Output only the lines of the entries that follow, starting at the one with "settings: SourceProductBaseCode=VE" and running down to the one with "Bus Selector/2 ->", both included and unchanged.

RECORDS FOR THIS TASK Start Marker

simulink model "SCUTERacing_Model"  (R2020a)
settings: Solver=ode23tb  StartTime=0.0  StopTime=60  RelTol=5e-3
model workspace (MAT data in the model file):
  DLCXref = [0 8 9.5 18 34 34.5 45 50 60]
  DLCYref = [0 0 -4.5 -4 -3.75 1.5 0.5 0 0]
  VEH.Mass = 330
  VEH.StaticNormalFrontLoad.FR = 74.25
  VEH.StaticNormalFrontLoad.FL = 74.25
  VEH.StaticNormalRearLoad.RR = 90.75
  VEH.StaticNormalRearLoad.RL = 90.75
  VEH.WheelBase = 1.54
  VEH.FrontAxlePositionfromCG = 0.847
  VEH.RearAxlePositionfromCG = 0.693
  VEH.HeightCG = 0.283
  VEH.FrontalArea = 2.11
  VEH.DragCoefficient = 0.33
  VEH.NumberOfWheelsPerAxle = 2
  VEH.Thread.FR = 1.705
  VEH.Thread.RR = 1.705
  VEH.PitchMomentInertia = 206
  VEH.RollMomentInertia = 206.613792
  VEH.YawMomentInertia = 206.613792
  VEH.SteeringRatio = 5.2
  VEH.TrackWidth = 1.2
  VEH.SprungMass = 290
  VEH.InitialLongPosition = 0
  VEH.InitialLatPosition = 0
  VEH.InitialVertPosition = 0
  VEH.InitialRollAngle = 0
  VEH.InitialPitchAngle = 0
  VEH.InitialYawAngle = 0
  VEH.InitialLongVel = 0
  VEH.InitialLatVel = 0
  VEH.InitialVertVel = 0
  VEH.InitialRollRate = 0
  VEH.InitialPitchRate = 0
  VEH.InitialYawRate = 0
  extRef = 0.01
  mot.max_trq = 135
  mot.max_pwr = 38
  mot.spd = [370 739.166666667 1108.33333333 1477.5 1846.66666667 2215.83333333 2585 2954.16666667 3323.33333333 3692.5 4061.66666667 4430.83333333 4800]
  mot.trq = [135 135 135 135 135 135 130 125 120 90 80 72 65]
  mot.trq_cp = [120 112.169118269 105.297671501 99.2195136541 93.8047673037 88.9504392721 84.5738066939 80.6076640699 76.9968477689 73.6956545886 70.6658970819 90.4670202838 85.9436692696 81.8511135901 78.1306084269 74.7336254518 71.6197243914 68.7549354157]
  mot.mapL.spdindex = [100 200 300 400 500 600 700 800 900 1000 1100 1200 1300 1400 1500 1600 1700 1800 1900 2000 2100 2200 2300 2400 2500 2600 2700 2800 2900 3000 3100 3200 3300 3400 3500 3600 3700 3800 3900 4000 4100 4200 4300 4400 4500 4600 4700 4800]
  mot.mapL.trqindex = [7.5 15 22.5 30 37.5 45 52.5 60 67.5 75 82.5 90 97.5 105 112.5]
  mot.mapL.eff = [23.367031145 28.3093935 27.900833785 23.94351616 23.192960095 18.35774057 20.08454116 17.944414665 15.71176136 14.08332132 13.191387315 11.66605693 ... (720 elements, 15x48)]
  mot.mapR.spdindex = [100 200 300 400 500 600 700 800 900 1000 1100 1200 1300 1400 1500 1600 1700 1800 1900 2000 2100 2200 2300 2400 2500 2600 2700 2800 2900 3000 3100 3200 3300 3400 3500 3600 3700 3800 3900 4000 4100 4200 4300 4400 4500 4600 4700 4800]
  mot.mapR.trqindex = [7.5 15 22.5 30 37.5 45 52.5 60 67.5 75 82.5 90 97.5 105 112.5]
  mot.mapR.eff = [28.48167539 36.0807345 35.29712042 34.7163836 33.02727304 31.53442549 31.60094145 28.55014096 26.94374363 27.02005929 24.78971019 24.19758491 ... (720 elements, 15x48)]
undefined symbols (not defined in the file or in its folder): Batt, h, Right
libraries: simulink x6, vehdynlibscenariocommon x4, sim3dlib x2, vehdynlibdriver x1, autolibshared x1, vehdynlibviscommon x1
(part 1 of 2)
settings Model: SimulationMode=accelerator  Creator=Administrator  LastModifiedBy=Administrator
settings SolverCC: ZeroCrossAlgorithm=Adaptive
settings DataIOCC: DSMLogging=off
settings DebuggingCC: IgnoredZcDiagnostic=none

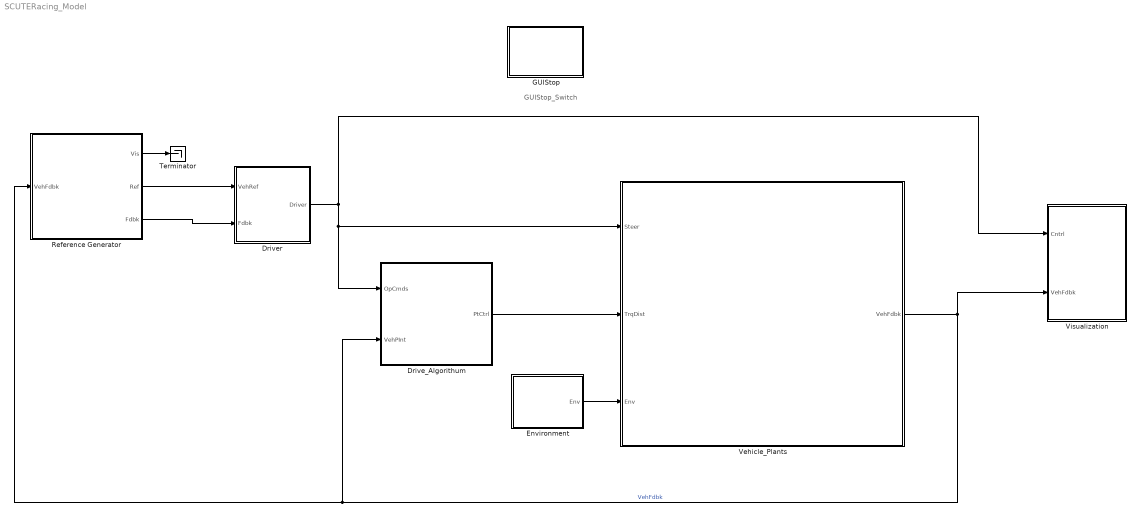
== system SCUTERacing_Model ==
  note: GUIStop_Switch
  Drive_Algorithum : Subsystem
      mask Display: image("Model_Pictures/SystemControllers.png")
  Driver : Subsystem
      mask Display: image("Model_Pictures/LongitudinalDriver.png")
  Environment : Subsystem
  GUIStop : Subsystem
  Reference Generator : Subsystem  Variant=on  VariantControl=Variant1
  Terminator : Terminator
  Vehicle_Plants : Subsystem
      mask Display: image("Model_Pictures/PassengerVehicle.png")
  Visualization : Subsystem
  wires:
  Reference Generator/1(" Vis") -> Terminator/1
  Reference Generator/2(" Ref") -> Driver/1(VehRef)
  Reference Generator/3(" Fdbk") -> Driver/2(Fdbk)
  Drive_Algorithum/1(PtCtrl) -> Vehicle_Plants/2(TrqDist)
  Vehicle_Plants/1(VehFdbk) -> Visualization/2(VehFdbk), Reference Generator/1("VehFdbk "), Drive_Algorithum/2(VehPInt)  "VehFdbk"
  Driver/1(Driver) -> Drive_Algorithum/1(OpCmds), Vehicle_Plants/1(Steer), Visualization/1(Cntrl)
  Environment/1(Env) -> Vehicle_Plants/3(Env)

== system SCUTERacing_Model/Drive_Algorithum ==
  OpCmds : Inport
  VehPInt : Inport  Port=2
  Algorithum : Subsystem
  outport_Module : Subsystem
  PtCtrl : Outport
  wires:
  Algorithum/1(BrakeCmd) -> outport_Module/1(BrakeCmd)
  VehPInt/1 -> Algorithum/2(VehPInt)
  Algorithum/2(MotCmd_L) -> outport_Module/2(MotCmd_L)
  Algorithum/3(MotCmd_R) -> outport_Module/3(MotCmd_R)
  outport_Module/1(OpCmd) -> PtCtrl/1
  OpCmds/1 -> Algorithum/1(OpCmds)

== system SCUTERacing_Model/Driver ==
  VehRef : Inport
  Fdbk : Inport  Port=2
  Bus Creator : BusCreator  Inputs=3
  Bus Selector : BusSelector  OutputSignals=Chassis.xdot,Chassis.Y,Chassis.ydot,Chassis.psi,Chassis.r
  Bus Selector1 : BusSelector  OutputSignals=LngRef,LtrlRef,AccelZero
  Constant : Constant  Value=0
  Dead Zone : DeadZone  ZeroCross=off  SaturateOnIntegerOverflow=on
  Dead Zone1 : DeadZone  LowerValue=-1e-2  UpperValue=1e-2  ZeroCross=off  SaturateOnIntegerOverflow=on
  Ground : Ground
  Predictive Driver : vehdynlibdriver/Predictive Driver  extAccelOvr=off  extDecelOvr=off  extAccelHld=off  extDecelHld=off  extAccelZero=off  extDecelZero=off  extSteerOvr=off  extSteerHld=off  extSteerZero=off  cntrlType=PI  shftType=None  velUnits=m/s  gearOut=off  steerOut=off  Kp=10  Ki=5  Kff=.1  Kg=0  VehVelVec=[0 100]  KffVec=[.1 .1]  KpVec=[10 10]  KiVec=[5 5]  KgVec=[0 0]  vnom=35  Kaw=1  tauerr=.01  a=VEH.FrontAxlePositionfromCG  b=VEH.RearAxlePositionfromCG  m=VEH.Mass  I=VEH.YawMomentInertia  Cy_f=11459  Cy_r=11459  theta=30*pi/180  Ksteer=18  tau=0.03  L=1.0  Kpt=3000  aR=200  bR=2.5  cR=.5  g=9.81  GearInit=0  tShift=.1  pdlVec=[0.1 0.4 0.5 0.9]  upShftTbl=[-1 12.9375 26.4375 39.9375 51.18749999999999 62.4375 72.84375 83.25;-1 16.3125 29.8125 43.3125 54.5624 65.8125 76.78125 87.75;-1 19.6875 33.1875 46.68749999999999 57.9375 69.1875 80.71875 92.25;-1 33 52.5 77.25 100.5 138.75 161.875 185]  dwnShftTbl=[-1 12.9375 26.4375 39.9375 51.18749999999999 62.4375 72.84375 83.25;-1 16.3125 29.8125 43.3125 54.5624 65.8125 76.78125 87.75;-1 19.6875 33.1875 46.68749999999999 57.9375 69.1875 80.71875 92.25;-1 33 52.5 77.25 100.5 138.75 161.875 185]  tClutch=.5  tRev=.5  tPark=120  aMode=2  UpGearVec="[0  1  2  3  4  5  6  7]"  DownGearVec="[1  2  3  4  5  6  7  8]"
      settings: SourceProductBaseCode=VE
  Switch : Switch  Criteria=u2 > Threshold
  Terminator1 : Terminator
  Wheel Angle Limit * Steer Ratio : Gain  Gain=20*pi/180*5.2
  Driver : Outport  VectorParamsAs1DForOutWhenUnconnected=off
  wires:
  Fdbk/1 -> Bus Selector/1
  Bus Creator/1 -> Driver/1
  Bus Selector1/1 -> Predictive Driver/1  "<LngRef>"
  Bus Selector/3 -> Predictive Driver/6  "<ydot>"
  Bus Selector/4 -> Predictive Driver/7  "<psi>"
  Switch/1 -> Bus Creator/2  "Accel"
  Bus Selector/1 -> Dead Zone/1  "<xdot>"
  Predictive Driver/3 -> Switch/3  "AccelCmd"
  Bus Selector1/2 -> Predictive Driver/2  "<LtrlRef>"
  Dead Zone/1 -> Predictive Driver/4
  Bus Selector/2 -> Predictive Driver/5  "<Y>"
  Dead Zone1/1 -> Wheel Angle Limit * Steer Ratio/1
  Predictive Driver/4 -> Bus Creator/3  "Brake"
  Wheel Angle Limit * Steer Ratio/1 -> Bus Creator/1  "Steer"
  Predictive Driver/1 -> Terminator1/1
  Bus Selector1/3 -> Switch/2  "<AccelZero>"
  Bus Selector/5 -> Predictive Driver/8  "<r>"
  Constant/1 -> Switch/1
  Ground/1 -> Predictive Driver/3
  VehRef/1 -> Bus Selector1/1
  Predictive Driver/2 -> Dead Zone1/1  "SteerCmd"

== system SCUTERacing_Model/Environment ==
  note: 注释：
      | 1）输入：
      | 1.Temp:环境温度
      | 2.Wind:模拟风速（x,y,z三个坐标）
      | 3.Gnd: a.G
      | b. friction:摩擦力（FL：前左轮；FR：前右轮；RL：后左轮；FL:后右轮）
      |
      | 2）输出：
      | 环境条件 Env ：
      | Temp：温度
      | Wind：风向
      | Gnd：地面参数
  Bus Creator : BusCreator  Inputs=4
  Bus Creator1 : BusCreator  Inputs=3
  Bus Creator2 : BusCreator  Inputs=4
  Bus Creator3 : BusCreator  Inputs=2
  Constant1 : Constant  Value=zeros(4,1)
  Constant3 : Constant  Value=0
  Constant4 : Constant  Value=0
  Constant5 : Constant  Value=0
  Constant6 : Constant  Value=300
  Demux : Demux
  Demux1 : Demux
  Friction : Constant  Value=ones(4,1).*1
  Vector Concatenate : Concatenate  NumInputs=3
  Env : Outport  VectorParamsAs1DForOutWhenUnconnected=off
  wires:
  Friction/1 -> Demux1/1
  Demux1/4 -> Bus Creator2/4  "mu_RR"
  Demux1/3 -> Bus Creator2/3  "mu_RL"
  Demux/1 -> Bus Creator/1  "G_FL_z"
  Vector Concatenate/1 -> Bus Creator1/2  "Wind"
  Demux1/1 -> Bus Creator2/1  "mu_FL"
  Constant1/1 -> Demux/1
  Bus Creator1/1 -> Env/1
  Bus Creator3/1 -> Bus Creator1/3  "Gnd"
  Demux1/2 -> Bus Creator2/2  "mu_FR"
  Constant6/1 -> Bus Creator1/1  "Temp"
  Demux/4 -> Bus Creator/4  "G_RR_z"
  Constant4/1 -> Vector Concatenate/2  "Y"
  Demux/2 -> Bus Creator/2  "G_FR_z"
  Demux/3 -> Bus Creator/3  "G_RL_z"
  Constant3/1 -> Vector Concatenate/1  "X"
  Constant5/1 -> Vector Concatenate/3  "Z"
  Bus Creator/1 -> Bus Creator3/1  "z"
  Bus Creator2/1 -> Bus Creator3/2  "mu"

== system SCUTERacing_Model/GUIStop ==
  S-Function : S-Function  FunctionName=StopFlag  SFunctionDeploymentMode=off  EnableBusSupport=off
  Stop Simulation : Stop
  wires:
  S-Function/1 -> Stop Simulation/1

== system SCUTERacing_Model/Reference Generator ==
  "VehFdbk " : Inport
  Constant Radius : Subsystem  VariantControl=RG==4  mask{t_start=0, xdot_r=120, xdotUnit=mph, R=22.5, turnDirMask=Right, ay_max=0.5, ay_stop=off, Parameter6=2}
      mask prompts: t_start "Maneuver start time, t_start [s]:"; xdot_r "Longitudinal velocity reference, xdot_r:"; xdotUnit "Longitudinal velocity reference units, xdotUnit []:"; R "Radius value, R [m]:"; turnDirMask "Turn direction"; ay_max "Lateral acceleration absolute threshold, ay_max [g]:"; ay_stop "Stop simulation at lateral acceleration threshold"
      mask TypeOptions xdotUnit: Longitudinal Velocity Reference/Input Units/Unit
      mask TypeOptions R: Constant Radius/Value
      mask TypeOptions turnDirMask: Constant Radius/turnDirMask
  Increasing Steer : Subsystem  VariantControl=RG==1
  Longitual_increasing : Subsystem  VariantControl=RG==0
  RealRunData : Subsystem  VariantControl=RG==5
  Sine with Dwell : Subsystem  VariantControl=RG==3
  Swept Sine : Subsystem  VariantControl=RG==2
  " Vis" : Outport  VectorParamsAs1DForOutWhenUnconnected=off
  " Ref" : Outport  Port=2  VectorParamsAs1DForOutWhenUnconnected=off
  " Fdbk" : Outport  Port=3  VectorParamsAs1DForOutWhenUnconnected=off

== system SCUTERacing_Model/Vehicle_Plants ==
  Steer : Inport
  TrqDist : Inport  Port=2
  Env : Inport  Port=3
  Bus Creator : BusCreator  Inputs=6
  Elect_Plant : Subsystem
  Steer_Sys : Subsystem
  Vehicle_Body : Subsystem
  VehFdbk : Outport
  wires:
  [MotSpd_L] -> Elect_Plant/5(Veh_L)
  Env/1 -> Elect_Plant/3(Env), Vehicle_Body/1(Env)
  Elect_Plant/1(ElecFdbk) -> Bus Creator/1, [ElecFdbk]  "ElecFdbk"
  [MotSpd_R] -> Elect_Plant/4(Veh_R)
  Vehicle_Body/3(MotSpd_L) -> Bus Creator/5, [MotSpd_L]  "MotSpd_L"
  Steer_Sys/1(DriveLine) -> Bus Creator/2, [DriveLine]  "DriveLine"
  Vehicle_Body/2(Wheels) -> Bus Creator/4, [Wheels]  "Wheels"
  Vehicle_Body/4(MotSpd_R) -> Bus Creator/6, [MotSpd_R]  "MotSpd_R"
  TrqDist/1 -> Elect_Plant/2(Ctrl_L), Steer_Sys/1(Contrl), Elect_Plant/1(Ctrl_R)
  Vehicle_Body/1(Chassis) -> Bus Creator/3  "Chassis"
  [DriveLine] -> Vehicle_Body/2(DriveLine)
  [ElecFdbk] -> Steer_Sys/3(ElecFdbk)
  [Wheels] -> Steer_Sys/4(Wheels)
  Steer/1 -> Steer_Sys/2(Steer)
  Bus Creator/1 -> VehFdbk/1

RECORDS FOR THIS TASK End Marker

## WRITTEN RESPONSE
      settings: SourceProductBaseCode=VE
  Switch : Switch  Criteria=u2 > Threshold
  Terminator1 : Terminator
  Wheel Angle Limit * Steer Ratio : Gain  Gain=20*pi/180*5.2
  Driver : Outport  VectorParamsAs1DForOutWhenUnconnected=off
  wires:
  Fdbk/1 -> Bus Selector/1
  Bus Creator/1 -> Driver/1
  Bus Selector1/1 -> Predictive Driver/1  "<LngRef>"
  Bus Selector/3 -> Predictive Driver/6  "<ydot>"
  Bus Selector/4 -> Predictive Driver/7  "<psi>"
  Switch/1 -> Bus Creator/2  "Accel"
  Bus Selector/1 -> Dead Zone/1  "<xdot>"
  Predictive Driver/3 -> Switch/3  "AccelCmd"
  Bus Selector1/2 -> Predictive Driver/2  "<LtrlRef>"
  Dead Zone/1 -> Predictive Driver/4
  Bus Selector/2 -> Predictive Driver/5  "<Y>"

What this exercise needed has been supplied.